Я внимательно посмотрел на нее. Она была скромно одета и в последнее время проявляла сдержанность. Она даже села за прялку и засадила своих рабынь за два усовершенствованных ткацких станка. Лукан однажды повел меня на женскую половину посмотреть на их работу. Павшая весталка тоже была там, на сей раз она была бодрой и деятельной и показывала девушкам, как наматывать нити основы на верхний валик. Нити свисали вниз, натянутые глиняными гирьками, которые сталкивались со стуком. В одной из комнат шел спор о Лелии, дочери троюродной сестры, которую воспитывала Полла. Ее родители, люди старого закала, переехали в Британию, где отец занял какую-то должность, и не решились взять с собой слабогрудую девочку. Они должны были жить, насколько мне известно, в месте, называемом Эборак, где сырой и прохладный климат. Лелия была девочка лет одиннадцати, невзрачная, с большим крутым лбом и бесцветными глазами. Она была обручена с одним богачом из Ланувия, в знак чего гордо носила железное кольцо без камня. Полле не нравилось, как ее одевает старая няня. Та туго затягивала девочку и кормила ее впроголодь, чтобы у нее была тонкая талия. Полла уверяла, что от этого спина делается сутулой, плечи неровными и плохо развиваются груди, как это часто бывает у пай-девочек.

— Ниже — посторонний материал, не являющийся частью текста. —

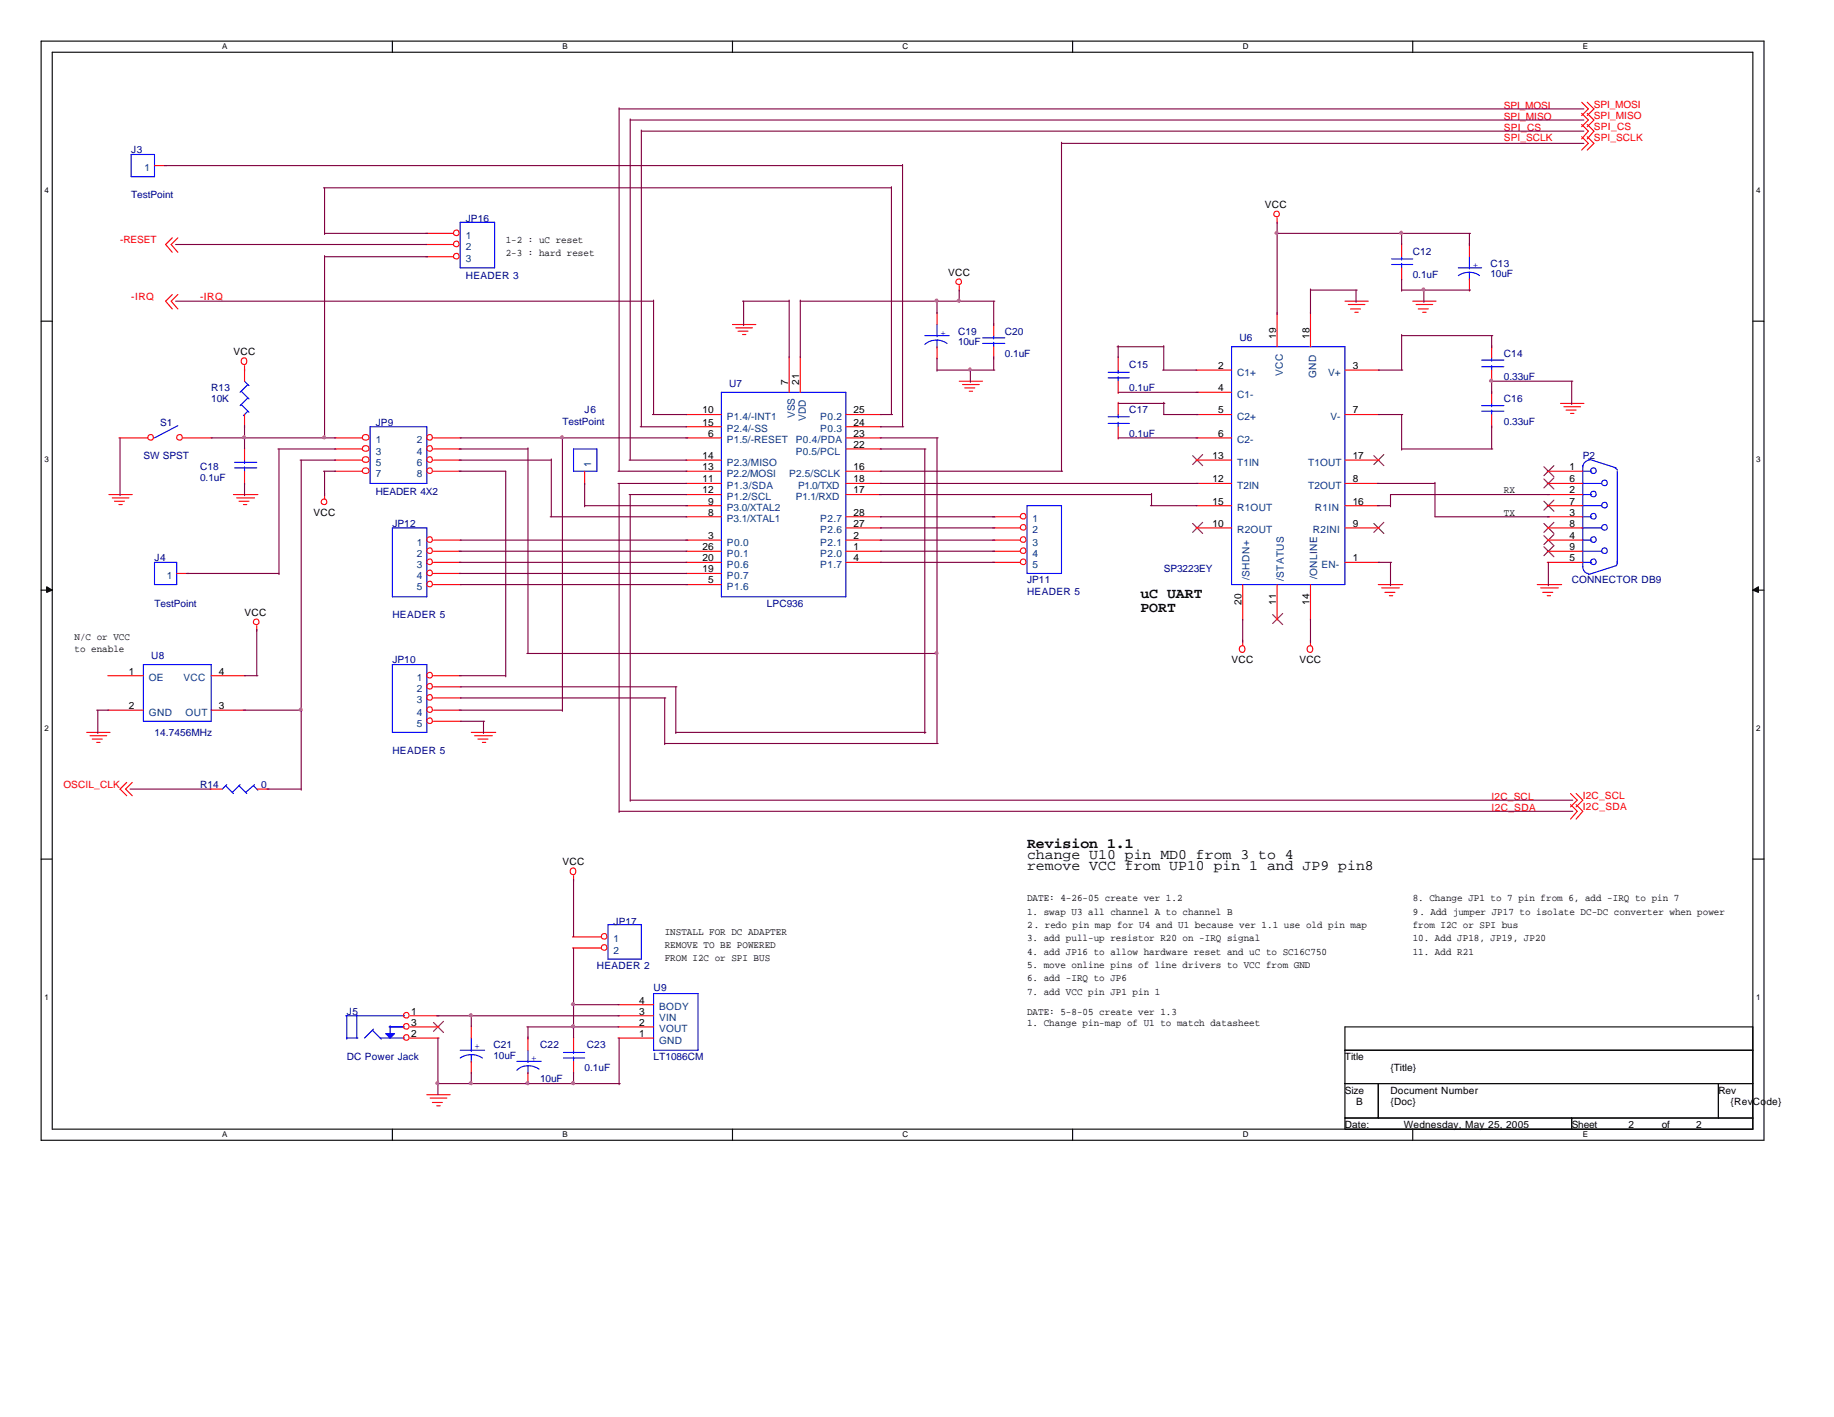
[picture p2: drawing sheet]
<svg xmlns="http://www.w3.org/2000/svg" width="279mm" height="216mm" viewBox="0 0 279 216" stroke-linecap="round" stroke-linejoin="round" font-family="sans-serif">
<path d="M6.3 6.3h262.4v167.4h-262.4zM8 8h259v164h-259z" fill="none" stroke="#000" stroke-width=".17"/>
<g fill="#fff">
<path d="M33.9 6.4h.8v1.4h-.8z"/>
<path d="M33.9 172.2h.8v1.4h-.8z"/>
</g>
<path d="M59.8 6.3v1.7M59.8 172v1.7" fill="none" stroke="#000" stroke-width=".17"/>
<g fill="#fff">
<path d="M85.7 6.4h.8v1.4h-.8z"/>
<path d="M85.7 172.2h.8v1.4h-.8z"/>
</g>
<path d="M111.6 6.3v1.7M111.6 172v1.7" fill="none" stroke="#000" stroke-width=".17"/>
<g fill="#fff">
<path d="M137.5 6.4h.8v1.4h-.8z"/>
<path d="M137.5 172.2h.8v1.4h-.8z"/>
</g>
<path d="M163.4 6.3v1.7M163.4 172v1.7" fill="none" stroke="#000" stroke-width=".17"/>
<g fill="#fff">
<path d="M189.3 6.4h.9v1.4h-.9z"/>
<path d="M189.3 172.2h.9v1.4h-.9z"/>
</g>
<path d="M215.2 6.3v1.7M215.2 172v1.7" fill="none" stroke="#000" stroke-width=".17"/>
<g fill="#fff">
<path d="M241.1 6.4h.9v1.4h-.9z"/>
<path d="M241.1 172.2h.9v1.4h-.9z"/>
<path d="M6.8 28.4h.7v1.4h-.7z"/>
<path d="M267.5 28.4h.7v1.4h-.7z"/>
<path d="M6.8 69.4h.7v1.4h-.7z"/>
<path d="M267.5 69.4h.7v1.4h-.7z"/>
</g>
<path d="M6.3 48.9h1.7M267 48.9h1.7" fill="none" stroke="#000" stroke-width=".17"/>
<g fill="#fff">
<path d="M6.8 110.4h.7v1.4h-.7z"/>
<path d="M267.5 110.4h.7v1.4h-.7z"/>
</g>
<path d="M6.3 89.9h1.7M267 89.9h1.7" fill="none" stroke="#000" stroke-width=".17"/>
<g fill="#000" stroke="#000" stroke-width=".17">
<path d="M7.1 89.4l.9 .5-.9 .4z" fill-rule="evenodd"/>
<path d="M267 89.9l.9-.5v.9z" fill-rule="evenodd"/>
</g>
<g fill="#fff">
<path d="M6.8 151.4h.7v1.3h-.7z"/>
<path d="M267.5 151.4h.7v1.3h-.7z"/>
</g>
<path d="M6.3 130.9h1.7M267 130.9h1.7M204.9 156.5h62.1v15.5h-62.1zM204.9 160h62.1M204.9 165.1h62.1M204.9 170.3h62.1M210 165.1v5.2M239.4 170.3v1.7M261.8 165.1v5.2" fill="none" stroke="#000" stroke-width=".17"/>
<g fill="none" stroke="#f00" stroke-width=".17">
<path d="M241 15.6l1 1-1 1M241 17.3l1 1-1 1M241 19l1 1-1 1.2M241.8 15.6l1 1-1 1M241.8 17.3l1 1-1 1M241.8 19l1 1-1 1.2M23.5 25.2h1.9M26.2 36.2l-1 1.1 1 1.1M27.1 36.2l-1 1.1 1 1.1M64.9 35.6h4.2M64.9 37.3h4.2M64.9 39.1h4.2"/>
<path d="M194.6 33.2v.8M213.5 37.1v2M223.9 37.1v2M241 20.8l1 1-1 1.1M241.8 20.8l1 1-1 1.1M26.2 44.9l-1 1 1 1.2M27.1 44.9l-1 1 1 1.2M37 54.6a.47 .47 0 0 1 .6 .4 .47 .47 0 0 1-.6 .5 .56 .56 0 0 1 0-.9zM37.3 55.7v2.4M111.6 49.4h3.5M112.1 50h2.5M112.4 50.5h1.6"/>
<path d="M113.1 51h.5M120.2 54.4v5.4M121.9 54.4v5.4M142.7 47.6v1.8M142.7 52.8v1.9M146.1 58.1h3.6M146.1 43.5v.9M146.6 58.6h2.6M147 59.1h1.5M147.7 59.6h.5M151.4 49.3v1.8M151.4 52.8v1.9"/>
<path d="M170.3 54.4v2M170.3 58.1v1.8M182.2 56.4h5.4M182.2 59.8h5.4M194.6 47.6v5.2M199.6 47.6v5.2M204.9 45.9h3.5M204.9 56.4h5.2M205.4 46.4h2.5M205.7 47.1h1.6M206.4 47.6h.5M213.5 40.8v1.9"/>
<path d="M215.2 45.9h3.6M215.7 46.4h2.6M216.1 47.1h1.5M216.7 47.6h.6M223.9 42.5v1.9M227.2 52.7v1.8M227.2 56.4v1.9M227.2 59.6v1.9M16.6 75.4h3.6M17.1 75.9h2.5M17.4 76.4h1.6M18.1 76.9h.5"/>
<path d="M18.1 66.7h4.4M27.9 66.7h4.4M35.6 75.4h3.7M36.1 75.9h2.7M36.4 76.4h1.5M37.1 76.9h.5M37.3 63.2v2M37.3 68.2v1.9M37.3 71.8v2M49.4 75.2v.8M51 66.7h4.2M51 70.1h4.2"/>
<path d="M51 71.8h4.2M51 68.4h4.2M66 66.7h4.3M66 70.1h4.3M66 71.8h4.3M66 68.4h4.3M89.1 71.8v2M104.5 75.4h5.4M104.5 66.7h5.4M104.5 63.2h5.4M104.5 70.1h5.4M104.5 73.7h5.4"/>
<path d="M104.5 77h5.4M104.5 78.7h5.4M104.5 71.8h5.4M104.5 65h5.4M128.9 75.4h5.4M128.9 66.7h5.4M128.9 63.2h5.4M128.9 73.7h5.4M128.9 78.7h5.4M128.9 71.8h5.4M128.9 68.4h5.4M128.9 65h5.4"/>
<path d="M151.2 78.7h4.2M170.3 61.3v1.9M170.3 65v1.9M182.2 66.7h5.4M182.2 63.2h5.4M182.2 70.1h5.4M182.2 73.7h5.4M182.2 77h5.4M204.9 63.2h5.2M204.9 70.1h5.2M204.9 73.7h5.2M204.9 77h5.2"/>
<path d="M227.2 63.2v2M235.7 75.4h5.4M235.7 73.7h5.4M235.7 77h5.4M235.7 78.7h5.4M235.7 71.8h5.4M237.7 61.5h3.6M238.3 62h2.5M238.6 62.5h1.5M239.3 63h.5M26.9 87.4h1.9M39.1 95.3v.9"/>
<path d="M66 89.1h4.3M66 85.7h4.3M66 87.4h4.3M66 84h4.3M66 82.3h4.3M104.5 89.1h5.4M104.5 85.7h5.4M104.5 87.4h5.4M104.5 84h5.4M104.5 82.3h5.4M128.9 80.4h5.4M128.9 85.7h5.4"/>
<path d="M128.9 84h5.4M128.9 82.3h5.4M151.2 80.4h4.2M151.2 85.7h4.2M151.2 84h4.2M151.2 82.3h4.2M182.2 80.4h5.4M188.9 98.6l.1-.2a.47 .47 0 0 1 .7 .5 .47 .47 0 0 1-.7 .4l-.1-.1zM189.3 89.1v5.4M189.3 97.5v.9M194.6 89.1v5.4M199.2 98.6l.2-.2a.47 .47 0 0 1 .6 .5 .47 .47 0 0 1-.6 .4l-.2-.1z"/>
<path d="M199.6 89.1v5.4M199.6 97.5v.9M204.9 80.4h5.2M204.9 85.7h5.2M210 89.1h3.7M210.5 89.6h2.7M211 90.3h1.5M211.7 90.8h.5M234.2 89.1h3.7M234.7 89.6h2.7M235 90.3h1.6M235.7 90.8h.5"/>
<path d="M235.7 80.4h5.4M235.7 85.7h5.4M235.7 84h5.4M235.7 82.3h5.4M13.2 111.6h3.6M13.7 112.1h2.6M14.1 112.6h1.5M14.7 113.1h.5M16.4 103h5.4M16.4 108.2h5.4M19.3 119.2l-1 1 1 1M20.2 119.2l-1.1 1 1.1 1"/>
<path d="M32.2 103h5.2M32.2 108.2h5.2M66 103h4.3M66 104.6h4.3M66 106.3h4.3M66 108.2h4.3M66 109.9h4.3M71.8 111.6h3.7M72.3 112.1h2.7M72.8 112.6h1.5M73.5 113.1h.5M32 120.2h1.9"/>
<path d="M39.1 120.2h1.9M87.1 132.3a.47 .47 0 0 1 .6 .5 .47 .47 0 0 1-.6 .4 .56 .56 0 0 1 0-.9zM87.4 133.4v.9M239.3 120.9l1 1-1 1M239.3 122.6l1 1-1 1.2M240.1 120.9l1 1-1 1M240.1 122.6l1 1-1 1.2M62.5 158.2h4.4M62.5 156.5h4.4M62.5 154.8h4.4M71.8 156.3v1.9M80.4 158v2"/>
<path d="M87.2 142.7h4.4M87.2 144.4h4.4M87.4 158v2M94.1 158.2h5.5M94.1 156.5h5.5M94.1 154.8h5.5M94.1 153.1h5.5M65 166.8h3.6M65.5 167.3h2.6M65.9 168h1.5M66.5 168.5h.6M71.8 161.7v1.9"/>
<path d="M80.4 163.4v1.9M87.4 161.7v1.9"/>
<circle cx="69.5" cy="35.5" r=".42"/>
<circle cx="69.5" cy="37.2" r=".42"/>
<circle cx="69.5" cy="39" r=".42"/>
<circle cx="194.5" cy="32.6" r=".42"/>
<circle cx="146.1" cy="42.9" r=".42"/>
<circle cx="23" cy="66.6" r=".42"/>
<circle cx="27.4" cy="66.6" r=".42"/>
<circle cx="49.4" cy="76.5" r=".42"/>
<circle cx="55.7" cy="71.7" r=".48"/>
<circle cx="55.7" cy="66.6" r=".48"/>
<circle cx="55.7" cy="70" r=".48"/>
<circle cx="55.7" cy="68.3" r=".48"/>
<circle cx="65.5" cy="71.7" r=".42"/>
<circle cx="65.5" cy="66.6" r=".42"/>
<circle cx="65.5" cy="70" r=".42"/>
<circle cx="65.5" cy="68.3" r=".42"/>
<circle cx="155.9" cy="78.7" r=".42"/>
<circle cx="39" cy="94.7" r=".42"/>
<circle cx="65.5" cy="87.3" r=".42"/>
<circle cx="65.5" cy="83.9" r=".42"/>
<circle cx="65.5" cy="82.2" r=".42"/>
<circle cx="65.5" cy="89" r=".42"/>
<circle cx="65.5" cy="85.6" r=".42"/>
<circle cx="155.9" cy="83.9" r=".42"/>
<circle cx="155.9" cy="80.4" r=".42"/>
<circle cx="155.9" cy="82.2" r=".42"/>
<circle cx="155.9" cy="85.6" r=".42"/>
<circle cx="65.5" cy="109.8" r=".42"/>
<circle cx="65.5" cy="102.9" r=".42"/>
<circle cx="65.5" cy="106.3" r=".42"/>
<circle cx="65.5" cy="108.1" r=".42"/>
<circle cx="65.5" cy="104.6" r=".42"/>
<circle cx="61.9" cy="156.4" r=".42"/>
<circle cx="61.9" cy="154.7" r=".42"/>
<circle cx="61.9" cy="158.1" r=".42"/>
<circle cx="92" cy="142.7" r=".42"/>
<circle cx="92" cy="144.4" r=".42"/>
</g>
<g fill="none" stroke="#00f" stroke-width=".17">
<path d="M20 23.5h3.5v3.4h-3.5zM70.1 33.9h5.3v6.9h-5.3zM212 39.5h3.2M213.5 39.1v.5M223.9 39.1v1.9M36.7 59.6l1.2 1.2M37.3 58.1l.6 .7M37.8 58.6l-1.2 1.2M109.9 59.8h19v31.1h-19zM140.9 51.1h3.7M142.7 51.8a2.73 2.73 0 0 1 1.6 .5M142.7 51.8a2.61 2.61 0 0 0-1.8 .7"/>
<path d="M142.7 49.4v1.9M142.7 51.8v1.2M149.7 52.3h3.4M149.7 51.5h3.4M151.4 51.1v.5M151.4 52.2v.6M168.8 57.6h3.2M168.8 56.7h3.2M170.3 56.4v.5M170.3 57.4v.7M187.6 52.8h17.3v36.3h-17.3zM212 40.3h3.2"/>
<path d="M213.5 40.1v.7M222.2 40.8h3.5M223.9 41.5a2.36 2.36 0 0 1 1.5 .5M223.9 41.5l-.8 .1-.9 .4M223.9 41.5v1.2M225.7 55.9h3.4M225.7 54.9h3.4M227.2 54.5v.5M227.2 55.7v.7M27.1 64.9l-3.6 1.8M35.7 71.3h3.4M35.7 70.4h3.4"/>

— Ты хочешь сделать из нее кулачного бойца, — возражала няня, качая седой головой и поджимая тонкие бескровные губы. — Хочешь, чтобы она стала неповоротливой клушей или жирной, раздутой как пузырь…
Дурно сложенная девочка поглядывала то на няню, то на Поллу кроткими бесцветными глазами, держа на коленях куклу из слоновой кости, на полу у ее ног валялся незаконченный рисунок.
— Спой нам песню, — уговаривала ее Полла, но девочка застенчиво потупила глаза и никак не соглашалась. — Спой ту песню, что ты так хорошо пела нам вчера.
Девочка оживилась, лишь когда зашел разговор о ее свадьбе, которую предполагали отпраздновать примерно через год.
— А это долго ждать — год? — переспрашивала она. Когда Полла спросила ее, нравится ли ей будущий муж, она ответила:
— Он хороший, только у него очень много зубов.
Мне хотелось побыть здесь еще и посмотреть, как живут за занавесками и дверьми женской половины аристократического дома. Здесь царил застой, но спокойствие беспрестанно нарушали горячие споры о пустяках. Однако я (чувствовал, что появление мужчины нарушало обычное течение жизни, обрывая связующие нити любви и ненависти, зависти и тщеславия, у женщин появлялся новый круг интересов, забыты были ссоры, дрязги, соглашения и объятия, все они порознь смотрели сквозь щели дверей и занавеси в мир за стенами.
— Как поживает Цедиция? — без всякого перехода спросила меня в столовой Полла.